# ARCH Linux Experience



## Ja.KooLit (Jul 14, 2021)

Hey Guys,

I made a video last month for installing arch the "easy way" which originally I made it for my friends to install and have experience with Arch Linux and thought I am gonna share with you. 










for connecting to wireless network if you dont have LAN










About the video, once you booted in Arch via USB,  you just need to type archinstall and then answer the questions.  Now just a little bit of warning, its better if you install this in a separate hard drive or USB or VM. because then if you dont want, your main OS wont be affected. 

Main difference between a normal arch install and the guided installer: Not so much difference. Perhaps main difference is hard drive or partitioning, mounting options, minimum packages.

I believe not so many TPU have arch or any arch-based experience.

Now, about Arch Linux. Perhaps many of you have heard that its not stable, nor easy to break nor and so on and so forth. With my nearly 5 months of using arch or any arch-based distro, I have not experience any major breakdown. Of course I had some difficulties because I was forced to search and read alot and that is because I have never tried any Arch and I have been using ubuntu-based distro for the past years.
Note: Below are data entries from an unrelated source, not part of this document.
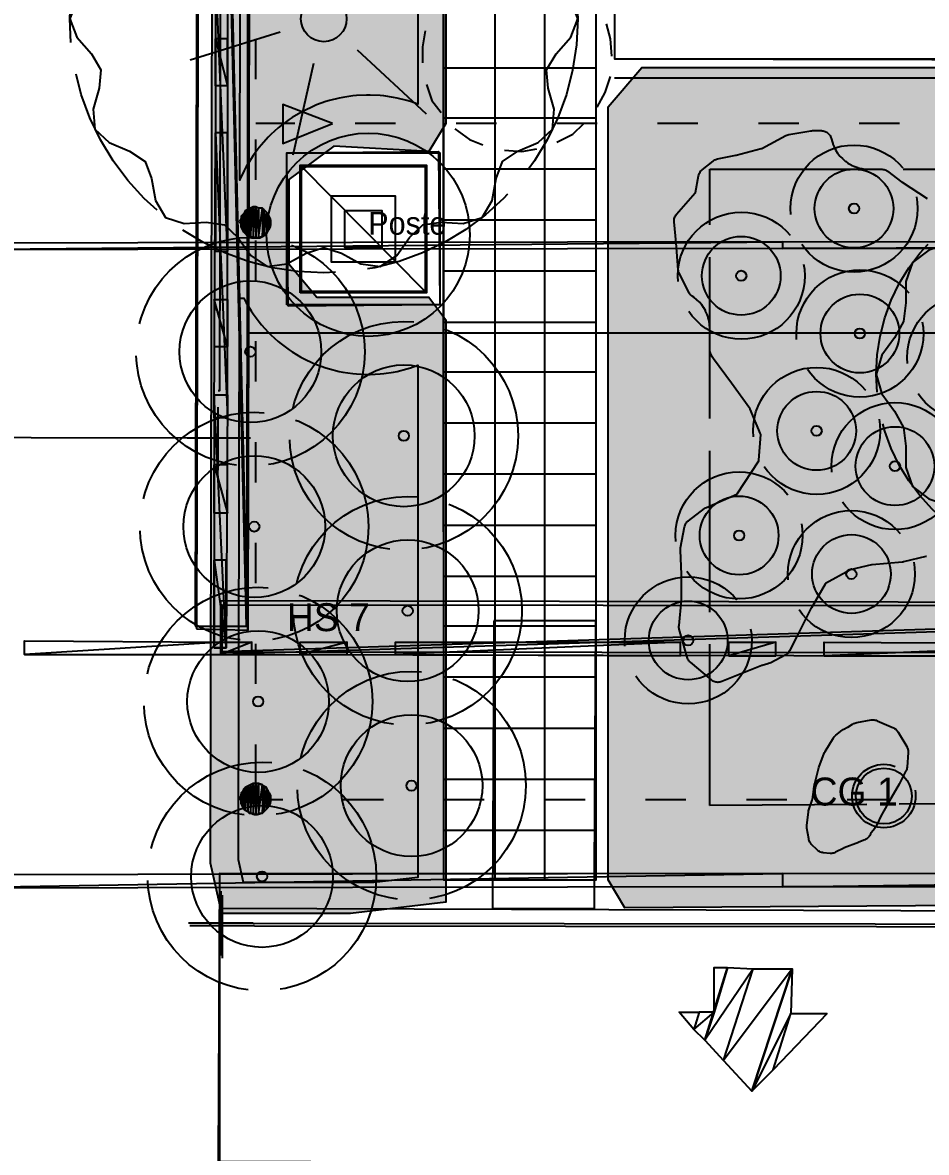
# Model space of a CAD drawing. Header units: metres. Extents: x 1 to 213, y 1 to 147.
# Drawn here: x 50.38 to 57.5, y 40.28 to 49.17 of the extents above; entities that cross this region are included whole.
import ezdxf
from ezdxf.enums import TextEntityAlignment as Align

# ---------------------------------------------------------------- set-up
doc = ezdxf.new("R2010")
doc.units = ezdxf.units.M
doc.linetypes.add('DASHED', pattern=[1.524, 1.27, -0.254])
for name, color, linetype in [('00-BASE-ARQUITECTURA', 8, 'Continuous'), ('PJ-ARBOLES', 94, 'Continuous'), ('PJ-ARBUSTOS', 82, 'Continuous'), ('PJ-COPA-ADULTA', 8, 'DASHED'), ('PJ-ETIQUETAS', 7, 'Continuous'), ('PJ-GRAVILLA', 42, 'Continuous'), ('PJ-HERBACEAS', 212, 'Continuous'), ('PJ-LIMITE-JARDIN', 7, 'Continuous'), ('PJ-MASAS', 92, 'Continuous'), ('PJ-MASAS-RELLENO', 92, 'Continuous'), ('PJ-PROTEGIDO', 30, 'DASHED'), ('PJ-RIEGO-SECTORES', 5, 'Continuous'), ('PJ-VISIBILIDAD', 1, 'DASHED')]:
    doc.layers.add(name, color=color, linetype=linetype)

# ---------------------------------------------------------------- blocks, each defined once
blk = doc.blocks.new('PJ_CD')
for p, q in [((0.0599, 0.2633), (0.1829, 0.8045)), ((-0.1981, 0.1835), (-0.6052, 0.5607)), ((0.2579, 0.0798), (0.7882, 0.2438)), ((-0.2579, -0.0798), (-0.7882, -0.2438)), ((-0.0599, -0.2633), (-0.1829, -0.8045)), ((0.1981, -0.1835), (0.6052, -0.5607))]:
    blk.add_line(p, q)
blk.add_lwpolyline([(1.5, 0), (1.4545, 0.1529), (1.3572, 0.2885), (1.2839, 0.4172), (1.2675, 0.5643), (1.2666, 0.7312), (1.2135, 0.8817), (1.0868, 0.9786), (0.9284, 1.0311), (0.7935, 1.0922), (0.6937, 1.2016), (0.5949, 1.3361), (0.4635, 1.4266), (0.3041, 1.4305), (0.145, 1.3799), (0, 1.35), (-0.145, 1.3799), (-0.3041, 1.4305), (-0.4635, 1.4266), (-0.5949, 1.3361), (-0.6938, 1.2016), (-0.7935, 1.0922), (-0.9284, 1.0311), (-1.0868, 0.9786), (-1.2135, 0.8817), (-1.2666, 0.7312), (-1.2675, 0.5643), (-1.2839, 0.4172), (-1.3572, 0.2885), (-1.4545, 0.1529), (-1.5, 0), (-1.4545, -0.1529), (-1.3572, -0.2885), (-1.2839, -0.4172), (-1.2675, -0.5643), (-1.2666, -0.7312), (-1.2135, -0.8817), (-1.0868, -0.9786), (-0.9284, -1.0311), (-0.7935, -1.0922), (-0.6938, -1.2016), (-0.5949, -1.3361), (-0.4635, -1.4266), (-0.3041, -1.4305), (-0.145, -1.3799), (0, -1.35), (0.145, -1.3799), (0.3041, -1.4305), (0.4635, -1.4266), (0.5949, -1.3361), (0.6937, -1.2016), (0.7935, -1.0922), (0.9284, -1.0311), (1.0868, -0.9786), (1.2135, -0.8817), (1.2666, -0.7312), (1.2675, -0.5643), (1.2839, -0.4172), (1.3572, -0.2885), (1.4545, -0.1529), (1.5, 0)], close=True)
blk.add_circle((0, 0), 0.135)
at = {"flags": 1}
for tag, p, height in [('CODIGO', (0.15, 0.15), 0.2), ('ESPECIE', (0.15, -0.1), 0.15), ('ZONA', (0.15, -0.3), 0.15)]:
    blk.add_attdef(tag, p, '', height=height, dxfattribs=at)
blk = doc.blocks.new('PJ_EC')
for radius in [0.31, 0.04]:
    blk.add_circle((0, 0), radius)
at = {"flags": 1}
for tag, p, height in [('CODIGO', (0.15, 0.15), 0.2), ('ESPECIE', (0.15, -0.1), 0.15), ('ZONA', (0.15, -0.3), 0.15)]:
    blk.add_attdef(tag, p, '', height=height, dxfattribs=at)
blk = doc.blocks.new('PJ_CG')
blk.add_circle((0, 0), 0.22)
at = {"flags": 1}
for tag, p, height in [('CODIGO', (0.15, 0.15), 0.2), ('ESPECIE', (0.15, -0.1), 0.15), ('ZONA', (0.15, -0.3), 0.15)]:
    blk.add_attdef(tag, p, '', height=height, dxfattribs=at)
blk = doc.blocks.new('PJ_SP')
for p, q in [((0.0798, 0.351), (0.2439, 1.0726)), ((-0.2641, 0.2447), (-0.807, 0.7475)), ((0.3439, 0.1064), (1.0509, 0.3251)), ((-0.3439, -0.1064), (-1.0509, -0.3251)), ((0.2641, -0.2447), (0.807, -0.7475)), ((-0.0798, -0.351), (-0.2439, -1.0726))]:
    blk.add_line(p, q)
blk.add_lwpolyline([(2, 0), (1.9445, 0.1457), (1.8293, 0.2757), (1.7549, 0.4005), (1.7678, 0.5453), (1.8152, 0.7124), (1.8019, 0.8678), (1.6887, 0.975), (1.5285, 1.0421), (1.4073, 1.1223), (1.3561, 1.2583), (1.3263, 1.4295), (1.247, 1.5637), (1.0985, 1.6112), (0.925, 1.6021), (0.781, 1.6217), (0.6759, 1.7221), (0.5748, 1.8634), (0.445, 1.9499), (0.2906, 1.9282), (0.1383, 1.8448), (0, 1.8), (-0.1383, 1.8448), (-0.2906, 1.9282), (-0.445, 1.9499), (-0.5748, 1.8634), (-0.6759, 1.7221), (-0.781, 1.6217), (-0.925, 1.6021), (-1.0985, 1.6112), (-1.247, 1.5637), (-1.3263, 1.4295), (-1.3561, 1.2583), (-1.4073, 1.1223), (-1.5285, 1.0421), (-1.6887, 0.975), (-1.8019, 0.8678), (-1.8152, 0.7124), (-1.7678, 0.5453), (-1.7549, 0.4005), (-1.8293, 0.2757), (-1.9445, 0.1457), (-2, 0), (-1.9445, -0.1457), (-1.8293, -0.2757), (-1.7549, -0.4005), (-1.7678, -0.5453), (-1.8152, -0.7124), (-1.8019, -0.8678), (-1.6887, -0.975), (-1.5285, -1.0421), (-1.4073, -1.1223), (-1.3561, -1.2583), (-1.3263, -1.4295), (-1.247, -1.5637), (-1.0985, -1.6112), (-0.925, -1.6021), (-0.781, -1.6217), (-0.6759, -1.7221), (-0.5748, -1.8634), (-0.445, -1.9499), (-0.2906, -1.9282), (-0.1383, -1.8448), (0, -1.8), (0.1383, -1.8448), (0.2906, -1.9282), (0.445, -1.9499), (0.5748, -1.8634), (0.6759, -1.7221), (0.781, -1.6217), (0.925, -1.6021), (1.0985, -1.6112), (1.247, -1.5637), (1.3263, -1.4295), (1.3561, -1.2583), (1.4073, -1.1223), (1.5285, -1.0421), (1.6887, -0.975), (1.8019, -0.8678), (1.8152, -0.7124), (1.7678, -0.5453), (1.7549, -0.4005), (1.8293, -0.2757), (1.9445, -0.1457), (2, 0)], close=True)
blk.add_circle((0, 0), 0.18)
at = {"flags": 1}
for tag, p, height in [('CODIGO', (0.15, 0.15), 0.2), ('ESPECIE', (0.15, -0.1), 0.15), ('ZONA', (0.15, -0.3), 0.15)]:
    blk.add_attdef(tag, p, '', height=height, dxfattribs=at)
blk = doc.blocks.new('PJ_HS')
for radius in [0.558, 0.04]:
    blk.add_circle((0, 0), radius)
at = {"flags": 1}
for tag, p, height in [('CODIGO', (0.15, 0.15), 0.2), ('ESPECIE', (0.15, -0.1), 0.15), ('ZONA', (0.15, -0.3), 0.15)]:
    blk.add_attdef(tag, p, '', height=height, dxfattribs=at)

msp = doc.modelspace()

# ---------------------------------------------------------------- hatches: boundary and pattern name
at = {"layer": 'PJ-GRAVILLA'}
h = msp.add_hatch(dxfattribs=at)
h.set_pattern_fill('GRAVEL', scale=0.03)
h.paths.add_polyline_path([(53.8, 98.484), (53.8, 89.0322), (53.7545, 89.0322), (53.534, 88.5913), (53.534, 87.6211), (53.7104, 87.2243), (53.7104, 74.2597), (53.534, 74.1274), (52.6521, 74.1274), (52.4757, 73.9069), (52.4757, 73.1573), (52.6521, 72.9368), (53.5781, 72.9368), (53.7104, 72.7604), (53.7104, 48.3746), (53.5781, 48.1541), (52.8284, 48.1982), (52.4757, 47.9337), (52.4757, 47.2722), (52.6962, 47.0076), (53.5781, 47.0076), (53.7104, 46.8312), (53.7104, 42.2451), (52.9607, 42.1569), (51.9465, 42.1569), (51.8583, 42.5538), (51.9465, 90.5756), (52.0347, 90.9284), (51.9906, 98.425), (52.0788, 98.5131), (53.8, 98.484)])
h = msp.add_hatch(dxfattribs=at)
h.set_pattern_fill('GRAVEL', scale=0.03)
h.paths.add_polyline_path([(55.2538, 48.8156), (62.0889, 48.8156), (63.0149, 48.6833), (63.8968, 48.2864), (64.6906, 47.4927), (64.7347, 47.2281), (64.9552, 47.0076), (65.2198, 45.9493), (65.0875, 44.8028), (64.0732, 42.2892), (63.8968, 42.1128), (62.0889, 42.1128), (61.6038, 42.2451), (55.1215, 42.201), (54.9892, 42.4215), (54.9892, 48.5069), (55.2538, 48.8156)])
at = {"layer": 'PJ-MASAS-RELLENO'}
for points in [[(53.4333, 48.548), (53.4051, 48.5566), (53.329, 48.5756), (53.3001, 48.5814), (53.2224, 48.5929), (53.1931, 48.5958), (53.1147, 48.5996), (53.0853, 48.5996), (53.0069, 48.5958), (52.9776, 48.5929), (52.8999, 48.5814), (52.871, 48.5756), (52.7949, 48.5566), (52.7667, 48.548), (52.6928, 48.5216), (52.6656, 48.5103), (52.5946, 48.4767), (52.5687, 48.4629), (52.5013, 48.4225), (52.4768, 48.4061), (52.4138, 48.3594), (52.391, 48.3407), (52.3328, 48.288), (52.312, 48.2672), (52.2593, 48.209), (52.2406, 48.1862), (52.1939, 48.1232), (52.1775, 48.0987), (52.1371, 48.0313), (52.1233, 48.0054), (52.0897, 47.9344), (52.0882, 47.9308), (52.0957, 52.05), (53.4904, 52.05), (53.4904, 48.5276), (53.4333, 48.548)], [(55.6519, 47.0158), (55.6451, 47.0208), (55.6389, 47.0264), (55.6333, 47.0326), (55.6284, 47.0394), (55.6242, 47.0467), (55.55, 47.193), (55.5468, 47.2001), (55.5444, 47.2074), (55.5426, 47.2149), (55.5416, 47.2226), (55.524, 47.4354), (55.5239, 47.4359), (55.5081, 47.6012), (55.5078, 47.6094), (55.5083, 47.6175), (55.5096, 47.6256), (55.5117, 47.6335), (55.5146, 47.6411), (55.5182, 47.6484), (55.5226, 47.6552), (55.5277, 47.6616), (55.6754, 47.8296), (55.6765, 47.831), (55.6769, 47.8328), (55.7002, 47.9626), (55.7021, 47.9706), (55.7048, 47.9784), (55.7082, 47.9859), (55.7125, 47.9929), (55.7174, 47.9995), (55.723, 48.0056), (55.7291, 48.011), (55.8164, 48.0805), (55.8225, 48.0849), (55.829, 48.0887), (55.8358, 48.0919), (55.8429, 48.0945), (55.8501, 48.0963), (55.9955, 48.1261), (55.9977, 48.1266), (56.1944, 48.1785), (56.1966, 48.1792), (56.1987, 48.1802), (56.3883, 48.2812), (56.3961, 48.2849), (56.4042, 48.2876), (56.4126, 48.2895), (56.5849, 48.3185), (56.5915, 48.3193), (56.5982, 48.3196), (56.6679, 48.3196), (56.6755, 48.3192), (56.683, 48.3182), (56.6904, 48.3164), (56.6975, 48.3139), (56.7044, 48.3108), (56.711, 48.307), (56.7172, 48.3027), (56.7229, 48.2977), (56.7281, 48.2923), (56.7329, 48.2864), (56.737, 48.28), (56.7405, 48.2733), (56.7434, 48.2663), (56.7455, 48.259), (56.7494, 48.2436), (56.7499, 48.2418), (56.7573, 48.2173), (56.7585, 48.2138), (56.7678, 48.191), (56.7694, 48.1876), (56.7808, 48.1658), (56.7827, 48.1625), (56.7962, 48.1419), (56.7984, 48.1388), (56.8137, 48.1195), (56.8162, 48.1167), (56.8332, 48.099), (56.836, 48.0964), (56.8546, 48.0803), (56.8576, 48.078), (56.8777, 48.0638), (56.8809, 48.0618), (56.9022, 48.0495), (56.9056, 48.0478), (56.928, 48.0376), (56.9315, 48.0362), (56.9548, 48.0282), (56.9584, 48.0272), (56.9823, 48.0214), (56.9861, 48.0207), (57.0104, 48.0172), (57.0142, 48.0169), (57.0397, 48.0156), (57.0416, 48.0156), (57.1404, 48.0156), (57.1477, 48.0153), (57.155, 48.0142), (57.1622, 48.0126), (57.1692, 48.0102), (57.1759, 48.0073), (57.1823, 48.0037), (57.1884, 47.9996), (57.301, 47.915), (57.3033, 47.9134), (57.5006, 47.7861), (57.5022, 47.7851), (57.5039, 47.7845), (57.7005, 47.7246), (57.7021, 47.7242), (57.7039, 47.7242), (57.9005, 47.7339), (57.9021, 47.7341), (57.9037, 47.7343), (58.1016, 47.7772), (58.1027, 47.7774), (58.3315, 47.8334), (58.3333, 47.8339), (58.335, 47.8348), (58.5438, 47.956), (58.5445, 47.9565), (58.656, 48.0245), (58.6631, 48.0283), (58.6705, 48.0314), (58.6781, 48.0338), (58.686, 48.0353), (58.8055, 48.053), (58.8096, 48.0539), (59.0058, 48.1044), (59.0076, 48.1049), (59.0091, 48.1058), (59.1973, 48.2139), (59.2041, 48.2173), (59.2111, 48.2201), (59.2184, 48.2223), (59.2258, 48.2237), (59.469, 48.2587), (59.4765, 48.2594), (59.4841, 48.2594), (59.4916, 48.2587), (59.499, 48.2573), (59.5063, 48.2552), (59.5133, 48.2524), (59.5201, 48.2489), (59.5264, 48.2449), (59.7563, 48.083), (59.763, 48.0777), (59.7691, 48.0718), (59.7745, 48.0652), (59.7792, 48.0581), (59.7831, 48.0506), (59.7862, 48.0427), (59.8462, 47.8615), (59.8483, 47.8539), (59.8496, 47.8462), (59.8502, 47.8385), (59.85, 47.8306), (59.8491, 47.8229), (59.8179, 47.6397), (59.816, 47.6315), (59.8133, 47.6235), (59.728, 47.4102), (59.7276, 47.409), (59.649, 47.1919), (59.6484, 47.1897), (59.648, 47.1874), (59.6239, 46.9827), (59.6238, 46.9808), (59.624, 46.9789), (59.6583, 46.7864), (59.6595, 46.7813), (59.7184, 46.5957), (59.7204, 46.5883), (59.7597, 46.4054), (59.7611, 46.3964), (59.7614, 46.3873), (59.759, 46.2367), (59.7585, 46.2288), (59.7572, 46.221), (59.7551, 46.2133), (59.7523, 46.206), (59.7488, 46.1989), (59.7446, 46.1922), (59.6967, 46.1234), (59.6918, 46.1172), (59.6864, 46.1114), (59.6805, 46.1062), (59.674, 46.1017), (59.6107, 46.0613), (59.6093, 46.0605), (59.4585, 45.9685), (59.4568, 45.9674), (59.4554, 45.9659), (59.3195, 45.8105), (59.318, 45.8086), (59.1734, 45.622), (59.1732, 45.6217), (59.1666, 45.6129), (59.1609, 45.6062), (59.1545, 45.6002), (59.1475, 45.5949), (59.1399, 45.5904), (59.1215, 45.5808), (59.1171, 45.578), (59.0858, 45.556), (59.0858, 45.5561), (59.0826, 45.5538), (59.0757, 45.5497), (59.0684, 45.5464), (59.0608, 45.5438), (58.8201, 45.4752), (58.8176, 45.4744), (58.7865, 45.4633), (58.7817, 45.4612), (58.7536, 45.4468), (58.7491, 45.4441), (58.723, 45.4261), (58.7189, 45.4228), (58.7074, 45.4124), (58.7021, 45.408), (58.6964, 45.4041), (58.6905, 45.4006), (58.6842, 45.3977), (58.4262, 45.2913), (58.419, 45.2887), (58.4116, 45.2868), (58.404, 45.2856), (58.3964, 45.2852), (58.2388, 45.2838), (58.237, 45.2837), (58.2351, 45.2835), (58.0355, 45.2446), (58.0338, 45.2442), (58.0322, 45.2435), (57.8534, 45.1553), (57.8491, 45.1529), (57.694, 45.051), (57.6875, 45.0471), (57.6807, 45.0439), (57.5026, 44.97), (57.4967, 44.9678), (57.4906, 44.9661), (57.3159, 44.9242), (57.3101, 44.923), (57.3042, 44.9223), (57.0683, 44.9017), (57.0627, 44.9008), (56.8952, 44.8617), (56.8934, 44.8612), (56.8918, 44.8604), (56.7003, 44.7531), (56.6985, 44.752), (56.6974, 44.7502), (56.5896, 44.564), (56.5885, 44.5619), (56.4786, 44.3426), (56.4781, 44.3418), (56.4171, 44.2234), (56.413, 44.2163), (56.4081, 44.2096), (56.4025, 44.2035), (56.3964, 44.1979), (56.3897, 44.1931), (56.3826, 44.1889), (56.2696, 44.1309), (56.2613, 44.1272), (56.2526, 44.1245), (56.2458, 44.1228), (56.2027, 44.1088), (56.2002, 44.1079), (55.8837, 43.9819), (55.8763, 43.9793), (55.8687, 43.9775), (55.8609, 43.9765), (55.8531, 43.9762), (55.8452, 43.9767), (55.8375, 43.9779), (55.8299, 43.9799), (55.8226, 43.9827), (55.8155, 43.9861), (55.8089, 43.9902), (55.8026, 43.995), (55.6367, 44.1345), (55.6308, 44.1399), (55.6255, 44.1459), (55.6209, 44.1524), (55.6169, 44.1593), (55.6136, 44.1666), (55.6111, 44.1742), (55.5496, 44.394), (55.548, 44.4013), (55.547, 44.4088), (55.5467, 44.4163), (55.5471, 44.4238), (55.5675, 44.6226), (55.5677, 44.6268), (55.5668, 44.8239), (55.5667, 44.8255), (55.5583, 45.0155), (55.5584, 45.0247), (55.5596, 45.0338), (55.5906, 45.1995), (55.5923, 45.2067), (55.5946, 45.2137), (55.5976, 45.2204), (55.6012, 45.2269), (55.6053, 45.233), (55.61, 45.2386), (55.6152, 45.2439), (55.6209, 45.2486), (55.7466, 45.3438), (55.7545, 45.3491), (55.763, 45.3533), (56.0034, 45.4581), (56.0051, 45.459), (56.0062, 45.4605), (56.1748, 45.7212), (56.1758, 45.723), (56.176, 45.7249), (56.1903, 45.9283), (56.1903, 45.9302), (56.1897, 45.9319), (56.1084, 46.1279), (56.1074, 46.1301), (56.1061, 46.1321), (55.9603, 46.3302), (55.8178, 46.5233), (55.8131, 46.5304), (55.8092, 46.538), (55.7962, 46.5668), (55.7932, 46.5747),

Anyway, I will just answer questions if you have.


----------



## bug (Jul 14, 2021)

Ha, archinstall. I installed Arch before that was available 

But thanks for sharing, Arch is a great Linux experience (the best, imho, ymmv), if you manage to get it installed.

And about Arch breaking, the only real danger is using a new kernel that bugs out on your particular hardware config. Installing an LTS kernel alongside mitigates that problem.
And the upside: you really only get what you actually install, so it's very light on resources. The packages are also cutting edge, a new kernel release will be packages for Arch in under a week.


----------



## Ja.KooLit (Jul 14, 2021)

bug said:


> Ha, archinstall. I installed Arch before that was available
> 
> But thanks for sharing, Arch is a great Linux experience (the best, imho, ymmv), if you manage to get it installed.
> 
> ...


I have been using new kernel all the time and didnt experienced any breakdowns. 

unfortunately, I cant use LTS because my computers desktop and laptop are new and most of the amd patches are in newer kernel. My laptop in particular needs  a kernel 5.11 or newer since there is a patch which benefit it. I am now waiting on 5.13 as there is a big update for cpu and gpu as per linus. So kinda "excited" Tried compiling of course but I run into issues like my qemu/kvm not launching for example.

Yeah archinstall was only released april 1 this year. And thats also before I installed on my computers. I have created my own script so pretty much can reinstall or install arch easily. Although that archinstall is a nice thing so alot can try without going through arch way of installing


----------



## bug (Jul 14, 2021)

night.fox said:


> I have been using new kernel all the time and didnt experienced any breakdowns.


Been using it for some years now with no issues either. But each time a new kernel is released you read these stories... I'm sure they affect only a handful of people, but I'm glad I'm not part of that handful.


night.fox said:


> unfortunately, I cant use LTS because my computers desktop and laptop are new and most of the amd patches are in newer kernel. My laptop in particular needs  a kernel 5.11 or newer since there is a patch which benefit it. I am now waiting on 5.13 as there is a big update for cpu and gpu as per linus. So kinda "excited" Tried compiling of course but I run into issues like my qemu/kvm not launching for example.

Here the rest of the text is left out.